Languages are powerful solutions to coordination problems: they provide stable, shared expectations about how the words we say correspond to the beliefs and intentions in our heads. Yet language use in a variable and non-stationary social environment requires linguistic representations to be flexible: old words acquire new ad hoc or partner-specific meanings on the fly. In this paper, we introduce CHAI (Continual Hierarchical Adaptation through Inference), a hierarchical Bayesian theory of coordination and convention formation that aims to reconcile the long-standing tension between these two basic observations.

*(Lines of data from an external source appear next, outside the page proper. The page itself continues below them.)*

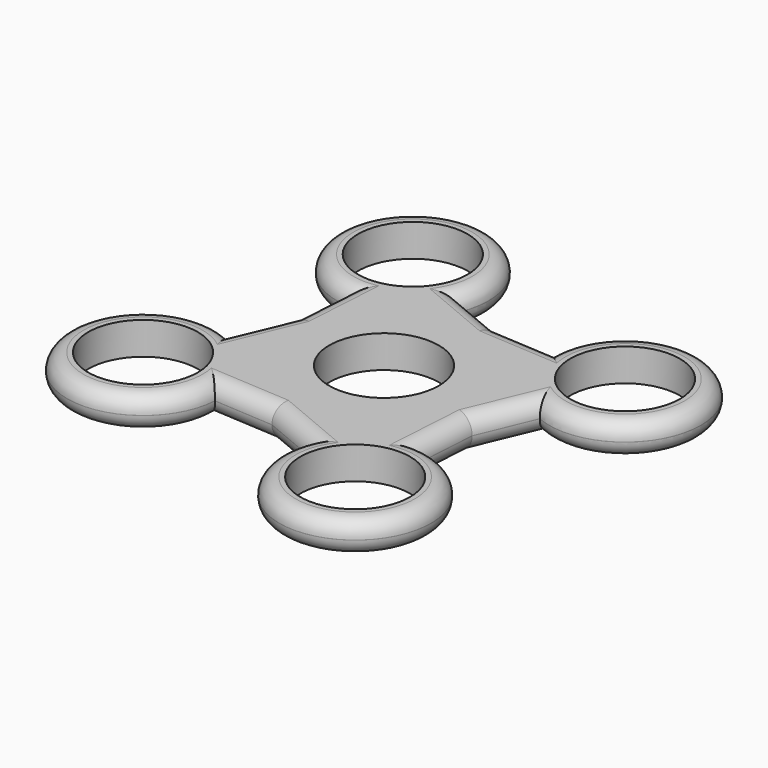
from build123d import *

# Parameters (mm, degrees)
F0_R     = 11.0109
F1_DEPTH = 6.5278
F2_R     = 3.25119


# Not quite as in the source:
# - a fillet or chamfer is up to 0.001 mm smaller than in the source, because OpenCascade refuses the exact size
# - a feature names something its author has since deleted; it is built from what else it names


with BuildPart() as f1:
    # F0 (on Top) → F1 (new body)
    with BuildSketch(Plane.XY):
        with BuildLine():
            ThreePointArc((6.0461180671, -26.4738466028), (28.1414058368, -45.3124362347), (21.0500662613, -17.1556057318))
            Line((21.0500662613, -17.1556057318), (21.8024888173, -5.0966864043))
            Line((21.8024888173, -5.0966864043), (26.4738466028, 6.0461180671))
            ThreePointArc((26.4738466028, 6.0461180671), (45.3124362347, 28.1414058368), (17.1556057318, 21.0500662613))
            Line((17.1556057318, 21.0500662613), (5.0966864043, 21.8024888173))
            Line((5.0966864043, 21.8024888173), (-6.0461180671, 26.4738466028))
            ThreePointArc((-6.0461180671, 26.4738466028), (-28.1414058368, 45.3124362347), (-21.0500662613, 17.1556057318))
            Line((-21.0500662613, 17.1556057318), (-21.8024888173, 5.0966864043))
            Line((-21.8024888173, 5.0966864043), (-26.4738466028, -6.0461180671))
            ThreePointArc((-26.4738466028, -6.0461180671), (-45.3124362347, -28.1414058368), (-17.1556057318, -21.0500662613))
            Line((-17.1556057318, -21.0500662613), (-5.0966864043, -21.8024888173))
            Line((-5.0966864043, -21.8024888173), (6.0461180671, -26.4738466028))
        make_face()
        with Locations((-32.3660258819, -20.1010041692)):
            Circle(F0_R, mode=Mode.SUBTRACT)
        with Locations((20.1010041692, -32.3660258819)):
            Circle(F0_R, mode=Mode.SUBTRACT)
        with Locations((-20.1010041692, 32.3660258819)):
            Circle(F0_R, mode=Mode.SUBTRACT)
        Circle(F0_R, mode=Mode.SUBTRACT)
        with Locations((32.3660258819, 20.1010041692)):
            Circle(F0_R, mode=Mode.SUBTRACT)
    extrude(amount=F1_DEPTH)

    # F2 (radius 3.2512 in the source; OpenCascade refuses exactly that, so slightly less here)
    f2_edges = [f1.edges().sort_by_distance(p)[0] for p in [
        (-21.426278, 11.126146, 6.5278),
        (-24.138168, -0.474716, 6.5278),
        (-28.141406, 45.312436, 6.5278),
        (-0.474716, 24.138168, 6.5278),
        (11.126146, 21.426278, 6.5278),
        (45.312436, 28.141406, 6.5278),
        (24.138168, 0.474716, 6.5278),
        (21.426278, -11.126146, 6.5278),
        (28.141406, -45.312436, 6.5278),
        (0.474716, -24.138168, 6.5278),
        (-11.126146, -21.426278, 6.5278),
        (-45.312436, -28.141406, 6.5278),
        (-28.141406, 45.312436, 0),
        (-0.474716, 24.138168, 0),
        (45.312436, 28.141406, 0),
        (24.138168, 0.474716, 0),
        (21.426278, -11.126146, 0),
        (28.141406, -45.312436, 0),
        (0.474716, -24.138168, 0),
        (-11.126146, -21.426278, 0),
        (-45.312436, -28.141406, 0),
        (-24.138168, -0.474716, 0),
        (-21.426278, 11.126146, 0),
    ]]
    fillet(f2_edges, radius=F2_R)


solid = f1.part
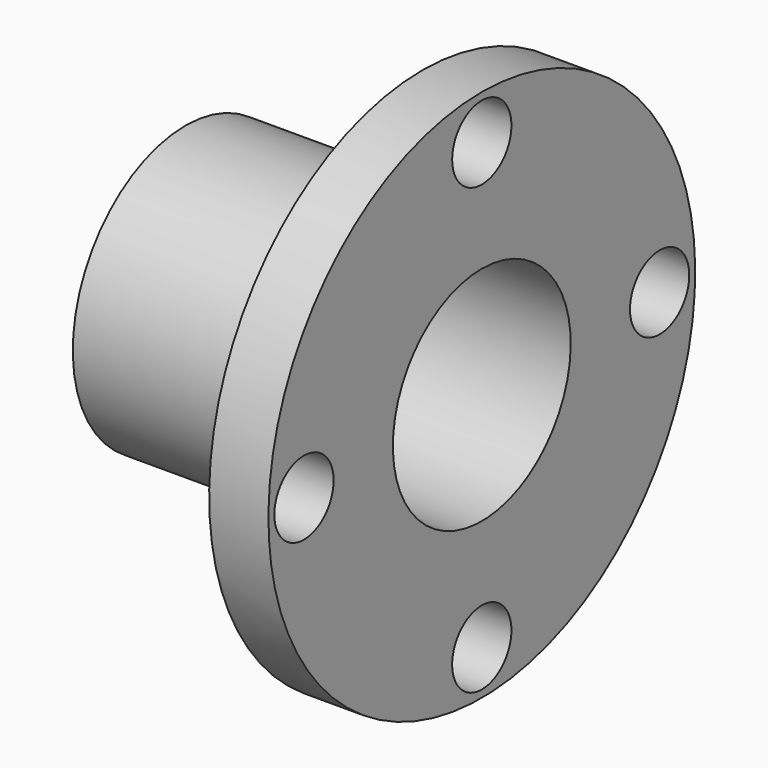
from build123d import *

# Parameters (mm, degrees)
F2_R            = 12.5
F3_DEPTH        = 25
F3_COPIES_COUNT = 4


# Not quite as in the source:
# - a pattern or mirror of a feature is missing from the dataset's text; its kind, count and spacing are read off the source's solid


with BuildPart() as f1:
    # F0 (on Front) → F1 (revolve)
    with BuildSketch(Plane.XZ):
        Polygon((-100, 37.5), (0, 37.5), (0, 90), (-20, 90), (-20, 47.5), (-100, 47.5), align=None)
    revolve(axis=Axis((-58.4905732034, 0, 0), (-1, 0, 0)))

    # F2 (on face) → F3 (cut)
    with BuildSketch(Plane(origin=(-20, 0, 0), x_dir=(0, -1, 0), z_dir=(-1, 0, 0))):
        with Locations((0, 75)):
            Circle(F2_R)
    f3 = extrude(amount=-F3_DEPTH, mode=Mode.SUBTRACT)

    # F3_copies: F3 ×4 about axis
    f3_copies_axis = Axis((0, 0, 0), (1, 0, 0))
    for i in range(1, F3_COPIES_COUNT):
        add(f3.rotate(f3_copies_axis, i * 360 / F3_COPIES_COUNT), mode=Mode.SUBTRACT)


solid = f1.part
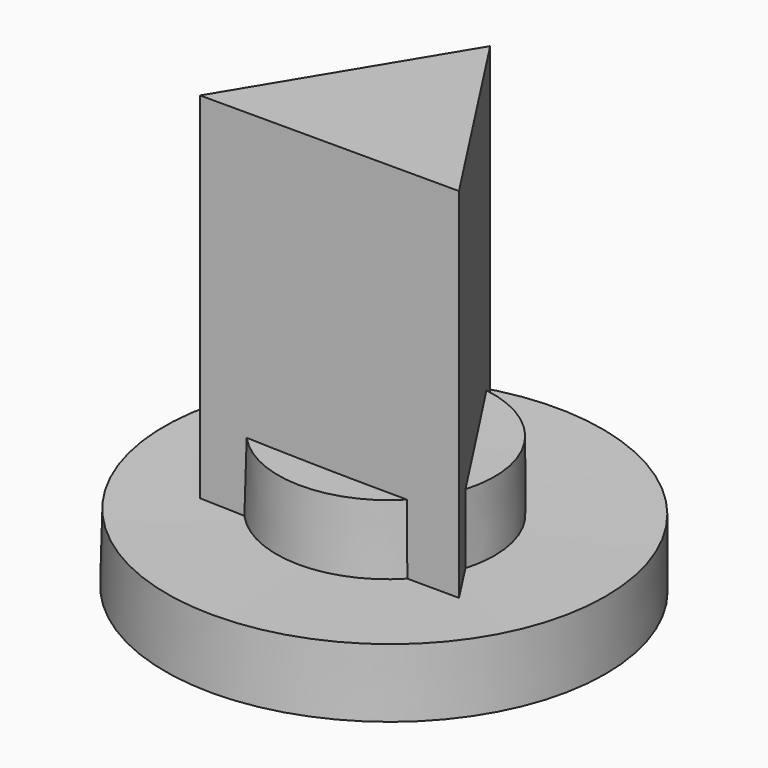
from build123d import *

# Parameters (mm, degrees)
F3_DEPTH = 74.9529767781


with BuildPart() as f1:
    # F0 (on Front) → F1 (revolve)
    with BuildSketch(Plane.XZ):
        Polygon((0.4052141029, 14.5266056061), (0.2008356291, 0), (23.175150156, 0), (23.175150156, 14.5266056061), (11.587575078, 14.5266056061), align=None)
        Polygon((0.2008356291, 0), (0, -14.2747908831), (46.350300312, -14.2747908831), (46.350300312, 0), (23.175150156, 0), align=None)
        Polygon((0.9806752205, 55.4286465049), (0.4052141029, 14.5266056061), (11.587575078, 14.5266056061), (11.9791924953, 55.4286465049), align=None)
    revolve(axis=Axis((0.4903376102, 0, 20.5769278109), (-0.0140678597, 0, -0.9999010428)))

    # F2 (on Top) → F3 (join)
    with BuildSketch(Plane.XY):
        Polygon((-26.0949339381, -15.407031402), (28.0455284658, -15.407031402), (0, 27.8120934963), align=None)
    extrude(amount=F3_DEPTH)


solid = f1.part
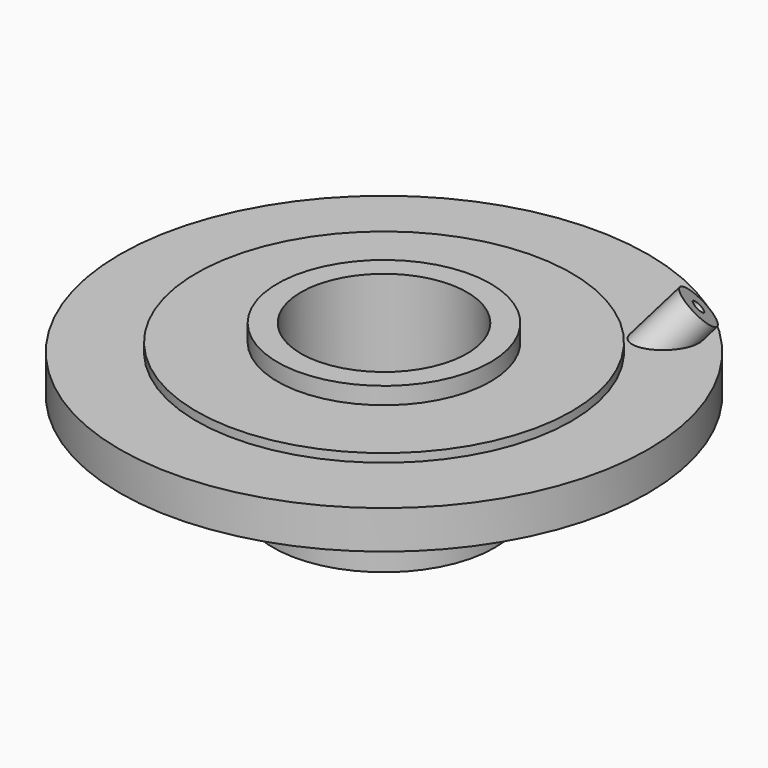
from build123d import *

# Parameters (mm, degrees)
F0_W      = 635
F0_H      = 101.6
F0_W_2    = 660.4
F0_H_2    = 508
F3_D      = 990.6
F9_R      = 38.1
F10_REACH = 3406.7732486981


# Not quite as in the source:
# - a feature names something its author has since deleted; it is built from what else it names


with BuildPart() as f1:
    # F0 (on Front) → F1 (revolve)
    with BuildSketch(Plane.XZ):
        with Locations((317.5, 50.8)):
            Rectangle(F0_W, F0_H)
        Polygon((635, 0), (0, 0), (0, -50.8), (1117.6, -50.8), (1117.6, 0), align=None)
        Polygon((1117.6, -50.8), (0, -50.8), (0, -279.4), (774.7, -279.4), (1574.8, -279.4), (1574.8, -50.8), align=None)
        Polygon((774.7, -279.4), (0, -279.4), (0, -355.6), (660.4, -355.6), (774.7, -355.6), align=None)
        with Locations((330.2, -609.6)):
            Rectangle(F0_W_2, F0_H_2)
    revolve(axis=Axis((0, 0, -260.6765925884), (0, 0, -1)))

    # F3 (through all)
    with Locations(Plane.XY.offset(101.6)):
        with Locations((0, 0)):
            Hole(F3_D / 2)

    # F6 (on face) → F7 (revolve)
    with BuildSketch(Plane(origin=(0, 0, 0), x_dir=(0.7071067812, 0.7071067812, 0), z_dir=(0.7071067812, -0.7071067812, 0))):
        Polygon((1321.5041428375, -50.0958571625), (1473.2, 101.6), (1383.3974387893, 191.4025612107), (1141.8990204161, -50.0958571625), align=None)
    revolve(axis=Axis((867.2468509569, 867.2468509569, -145.1277414514), (-0.5, -0.5, -0.7071067812)))

    f10_end = Plane(origin=(-16.75319514, -16.75319514, -50.8), x_dir=(1, 0, 0), z_dir=(0, 0, 1))
    # F9 (on face) → F10 (cut, up to a plane its end follows)
    with BuildSketch(Plane(origin=(556.7758795063, 556.7758795063, 787.4), x_dir=(0.8660254038, -0.2886751346, -0.4082482905), z_dir=(0.5, 0.5, 0.7071067812))):
        with Locations((559.9533552002, 791.8936292205)):
            Circle(F9_R)
    f10_long = extrude(amount=-F10_REACH, mode=Mode.PRIVATE)
    add(split(f10_long, bisect_by=f10_end, keep=Keep.TOP, mode=Mode.PRIVATE), mode=Mode.SUBTRACT)


solid = f1.part

We argue that the central computational problem of communication is not simply transmission, as in classical formulations, but continual learning and adaptation over multiple timescales. Partner-specific common ground quickly emerges from social inferences within dyadic interactions, while community-wide social conventions are stable priors that have been abstracted away from interactions with multiple partners. We present new empirical data alongside simulations showing how our model provides a computational foundation for several phenomena that have posed a challenge for previous accounts: (1) the convergence to more efficient referring expressions across repeated interaction with the same partner, (2) the gradual transfer of partner-specific common ground to strangers, and (3) the influence of communicative context on which conventions eventually form.